Detecting fraud amid all of that simply isn't possible without high-level automation, due to the volume of data involved. A modern machine learning system is not only built to handle such data volumes, but also to thrive and improve its performance as it ingests and processes more information.
In a world where fraudsters launch new scams at a furious pace, anti-fraud professionals need a tool that evolves and gets better as time goes by. Even when a ML-based fraud detection algorithm can't recognize one swindle before it's too late, every data point from that failure will go toward stopping future fraud. It examines the transaction for never-before-seen details while comparing them to historical data. In major sectors like e-commerce, where there is less variety in the types of fraud enterprises experience, the likelihood of ML solutions eventually identifying a pattern—and knowing to halt similar transactions next time—is high.
5 key anti-fraud ML use cases
Earlier, we alluded to some of the notable ways in which a machine learning model can combat fraud. Here, we'll examine those use cases in greater detail.
1. Phishing detection
Often thought of as a malware vector, phishing can also easily be a medium for subtler profit-motivated fraud. Imposter scams, which the Federal Trade Commission (FTC) identified as the most common kind of consumer fraud, can just as easily target a CEO as they can a retired construction worker. Fraudsters go after executive-level staff often enough that there's a slang term for it: "whale fishing."

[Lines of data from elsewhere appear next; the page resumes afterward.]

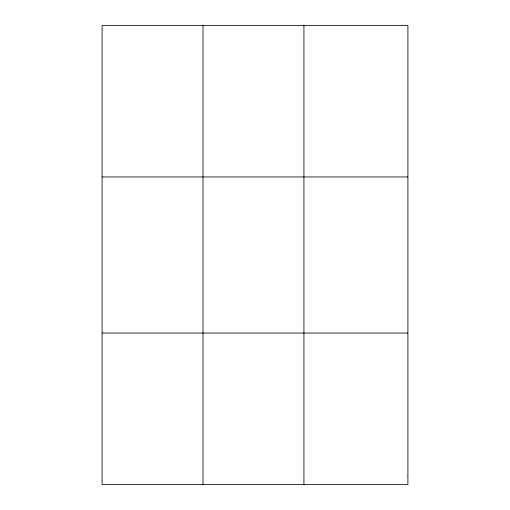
<?xml version="1.0" encoding="UTF-8"?>
<svg xmlns="http://www.w3.org/2000/svg" width="510" height="510" viewBox="0 0 510 510"><rect width="100%" height="100%" fill="white"/><g stroke="black" fill="none" stroke-linecap="round" stroke-linejoin="round"><path stroke-width="0.76" d="M203.012 484.5L203.012 25.5M303.928 484.5L303.928 25.5M102.096 176.97L407.904 176.97M102.096 333.03L407.904 333.03M407.904 476.085L407.904 484.5L102.096 484.5L102.096 25.5L407.904 25.5L407.904 476.085"/></g></svg>
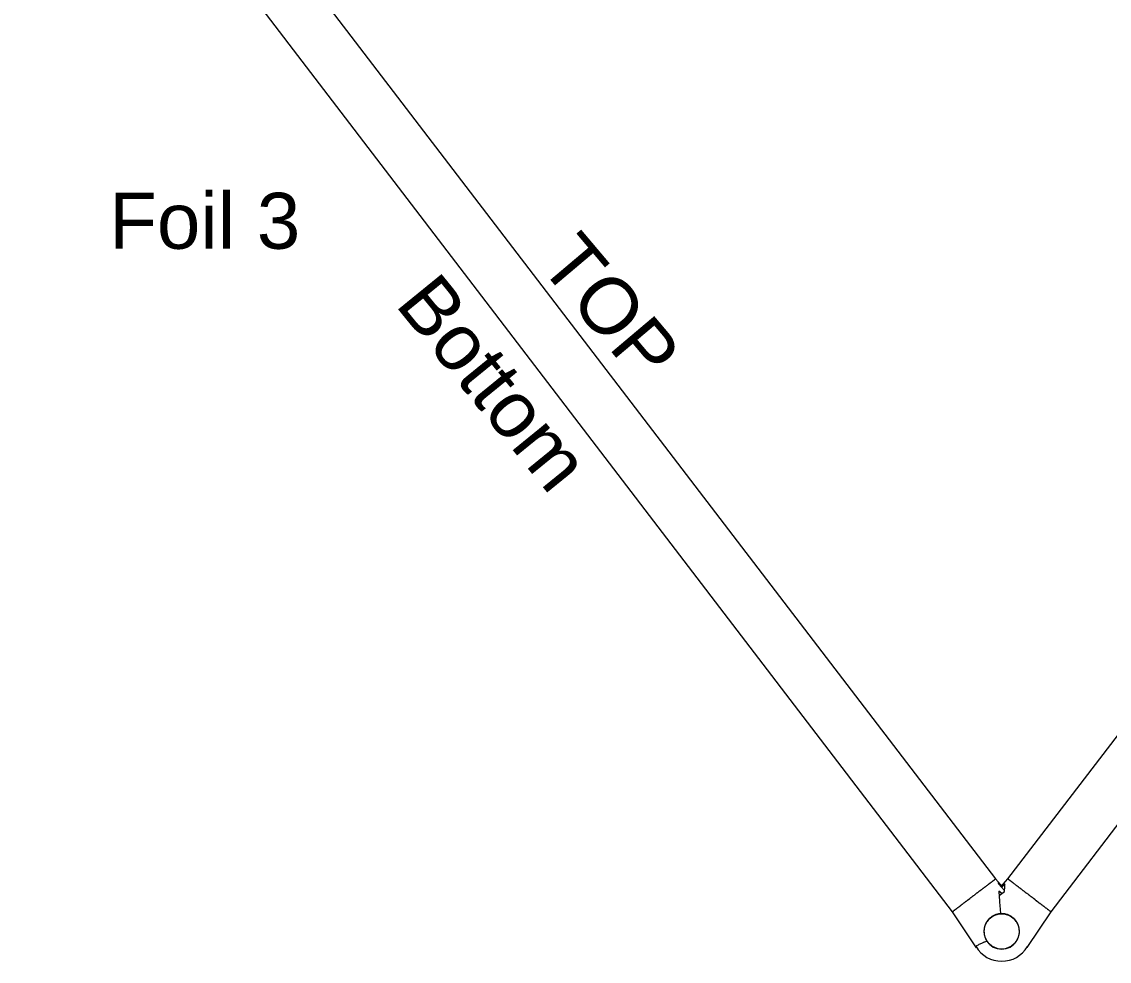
# Model space of a CAD drawing. Header units: millimetres. Extents: x 6152 to 28526, y 1087 to 12861.
# Drawn here: x 17161 to 17744, y 10490 to 10994 of the extents above; entities that cross this region are included whole.
import ezdxf

# ---------------------------------------------------------------- set-up
doc = ezdxf.new("R2010")
doc.units = ezdxf.units.MM
doc.header["$LTSCALE"] = 0.05
doc.layers.add('OF1', color=7, linetype='Continuous', lineweight=15)
doc.layers.add('Text', color=8, linetype='Continuous')
doc.styles.get("Standard").update_dxf_attribs({"font": 'arial.ttf'})

msp = doc.modelspace()

# ---------------------------------------------------------------- linework, layer by layer
at = {"layer": 'OF1'}
for p, q in [((17184.11, 11186.62), (17682.99, 10534.1)), ((17689.6, 10534.1), (18188.48, 11186.62)), ((17660, 10516.52), (17161.11, 11169.04)), ((18211.48, 11169.04), (17712.59, 10516.52)), ((17680.01, 10531.82), (17680.04, 10531.84)), ((17680.04, 10531.84), (17680.13, 10531.91)), ((17680.13, 10531.91), (17680.14, 10531.92)), ((17680.14, 10531.92), (17680.15, 10531.93)), ((17680.14, 10531.92), (17680.14, 10531.92)), ((17680.15, 10531.93), (17680.21, 10531.97)), ((17680.21, 10531.97), (17680.24, 10532)), ((17680.24, 10532), (17680.27, 10532.02)), ((17680.27, 10532.02), (17680.3, 10532.04)), ((17680.3, 10532.04), (17680.35, 10532.08)), ((17680.35, 10532.08), (17680.38, 10532.1)), ((17680.38, 10532.1), (17680.41, 10532.13)), ((17680.41, 10532.13), (17680.51, 10532.21)), ((17680.51, 10532.21), (17680.53, 10532.22)), ((17680.53, 10532.22), (17680.74, 10532.38)), ((17680.74, 10532.38), (17680.76, 10532.4)), ((17680.76, 10532.4), (17681.04, 10532.61)), ((17681.04, 10532.61), (17681.05, 10532.61)), ((17681.05, 10532.61), (17681.24, 10532.76)), ((17681.24, 10532.76), (17681.29, 10532.8)), ((17681.29, 10532.8), (17681.35, 10532.84)), ((17681.35, 10532.84), (17681.41, 10532.89)), ((17681.41, 10532.89), (17681.47, 10532.94)), ((17681.47, 10532.94), (17681.48, 10532.95)), ((17681.48, 10532.95), (17681.58, 10533.03)), ((17681.58, 10533.03), (17681.59, 10533.03)), ((17681.59, 10533.03), (17681.69, 10533.11)), ((17681.69, 10533.11), (17681.7, 10533.11)), ((17681.7, 10533.11), (17681.76, 10533.16)), ((17681.76, 10533.16), (17681.79, 10533.18)), ((17681.79, 10533.18), (17681.8, 10533.19)), ((17681.8, 10533.19), (17681.85, 10533.23)), ((17681.85, 10533.23), (17681.88, 10533.25)), ((17681.88, 10533.25), (17681.95, 10533.31)), ((17681.95, 10533.31), (17681.97, 10533.32)), ((17681.97, 10533.32), (17682.05, 10533.38)), ((17682.05, 10533.38), (17682.06, 10533.39)), ((17682.06, 10533.39), (17682.14, 10533.45)), ((17682.14, 10533.45), (17682.21, 10533.5)), ((17682.14, 10533.45), (17682.14, 10533.45)), ((17682.21, 10533.5), (17682.22, 10533.52)), ((17682.22, 10533.52), (17682.33, 10533.59)), ((17682.33, 10533.6), (17682.39, 10533.64)), ((17682.33, 10533.59), (17682.33, 10533.6)), ((17682.39, 10533.64), (17682.41, 10533.66)), ((17682.41, 10533.66), (17682.56, 10533.77)), ((17682.56, 10533.77), (17682.71, 10533.89)), ((17682.71, 10533.89), (17682.75, 10533.91)), ((17682.75, 10533.92), (17682.77, 10533.93)), ((17682.77, 10533.93), (17682.78, 10533.94)), ((17682.78, 10533.94), (17682.82, 10533.97)), ((17682.78, 10533.94), (17682.78, 10533.94)), ((17682.82, 10533.97), (17682.85, 10533.99)), ((17682.85, 10534), (17682.87, 10534.01)), ((17682.85, 10533.99), (17682.85, 10534)), ((17682.87, 10534.01), (17682.88, 10534.01)), ((17682.88, 10534.01), (17682.94, 10534.06)), ((17682.94, 10534.06), (17682.95, 10534.07)), ((17682.95, 10534.07), (17682.96, 10534.08)), ((17682.95, 10534.07), (17682.95, 10534.07)), ((17682.96, 10534.08), (17682.97, 10534.08)), ((17682.96, 10534.08), (17682.96, 10534.08)), ((17682.97, 10534.09), (17682.98, 10534.09)), ((17682.97, 10534.08), (17682.97, 10534.09)), ((17682.98, 10534.09), (17682.98, 10534.1)), ((17682.98, 10534.1), (17682.99, 10534.1)), ((17682.98, 10534.09), (17682.98, 10534.09)), ((17682.99, 10534.1), (17684.44, 10532.44)), ((17684.45, 10532.37), (17684.47, 10531.98)), ((17684.45, 10532.27), (17686.24, 10530.24)), ((17684.47, 10531.98), (17684.52, 10531.38)), ((17685.92, 10529.88), (17689.6, 10534.1)), ((17689.61, 10534.1), (17689.6, 10534.1)), ((17689.61, 10534.09), (17689.61, 10534.1)), ((17689.62, 10534.09), (17689.61, 10534.09)), ((17689.61, 10534.09), (17689.61, 10534.09)), ((17689.62, 10534.08), (17689.62, 10534.09)), ((17689.63, 10534.08), (17689.62, 10534.08)), ((17689.64, 10534.07), (17689.63, 10534.08)), ((17689.63, 10534.08), (17689.63, 10534.08)), ((17689.65, 10534.06), (17689.64, 10534.07)), ((17689.64, 10534.07), (17689.64, 10534.07)), ((17689.69, 10534.03), (17689.65, 10534.06)), ((17689.7, 10534.02), (17689.69, 10534.03)), ((17689.71, 10534.01), (17689.7, 10534.02)), ((17689.72, 10534.01), (17689.71, 10534.01)), ((17689.74, 10534), (17689.72, 10534.01)), ((17689.75, 10533.99), (17689.74, 10534)), ((17689.77, 10533.97), (17689.75, 10533.99)), ((17689.81, 10533.94), (17689.77, 10533.97)), ((17689.84, 10533.92), (17689.81, 10533.94)), ((17689.88, 10533.89), (17689.84, 10533.91)), ((17689.9, 10533.87), (17689.88, 10533.89)), ((17689.91, 10533.86), (17689.9, 10533.87)), ((17689.94, 10533.84), (17689.91, 10533.86)), ((17689.95, 10533.84), (17689.94, 10533.84)), ((17689.98, 10533.81), (17689.95, 10533.84)), ((17689.99, 10533.81), (17689.98, 10533.81)), ((17690.06, 10533.75), (17689.99, 10533.81)), ((17690.13, 10533.69), (17690.06, 10533.75)), ((17690.14, 10533.69), (17690.13, 10533.69)), ((17690.15, 10533.68), (17690.14, 10533.69)), ((17690.26, 10533.59), (17690.15, 10533.68)), ((17690.37, 10533.52), (17690.26, 10533.59)), ((17690.38, 10533.5), (17690.37, 10533.52)), ((17690.45, 10533.45), (17690.38, 10533.5)), ((17690.45, 10533.45), (17690.45, 10533.45)), ((17690.53, 10533.39), (17690.45, 10533.45)), ((17690.54, 10533.38), (17690.53, 10533.39)), ((17690.62, 10533.32), (17690.54, 10533.38)), ((17690.64, 10533.31), (17690.62, 10533.32)), ((17690.71, 10533.25), (17690.64, 10533.31)), ((17690.74, 10533.23), (17690.71, 10533.25)), ((17690.79, 10533.19), (17690.74, 10533.23)), ((17690.8, 10533.18), (17690.79, 10533.19)), ((17690.83, 10533.16), (17690.8, 10533.18)), ((17690.9, 10533.11), (17690.83, 10533.16)), ((17690.9, 10533.11), (17690.9, 10533.11)), ((17691, 10533.03), (17690.9, 10533.11)), ((17691.01, 10533.03), (17691, 10533.03)), ((17691.11, 10532.95), (17691.01, 10533.03)), ((17691.12, 10532.94), (17691.11, 10532.95)), ((17691.18, 10532.89), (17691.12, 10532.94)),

Enterprise employees may also be targeted en masse through phishing, in a type of scam known as business email compromise (BEC). According to the FBI, businesses lost $43 billion between 2016 and 2021 as a result of this form of fraud.
Machine learning models can detect and prevent phishing-based fraud. Using supervised learning with labeled data sets, ML engineers program these models to identify major warning signs of phishing links: site age, page rank, domain registration, the lack of an HTTPS token, and more.
2. Identity theft prevention
There are times when preventing identity theft is relatively straightforward, handled by legacy rules-based systems. Consider a login attempt from an unfamiliar location, which triggers a multi-factor authentication process.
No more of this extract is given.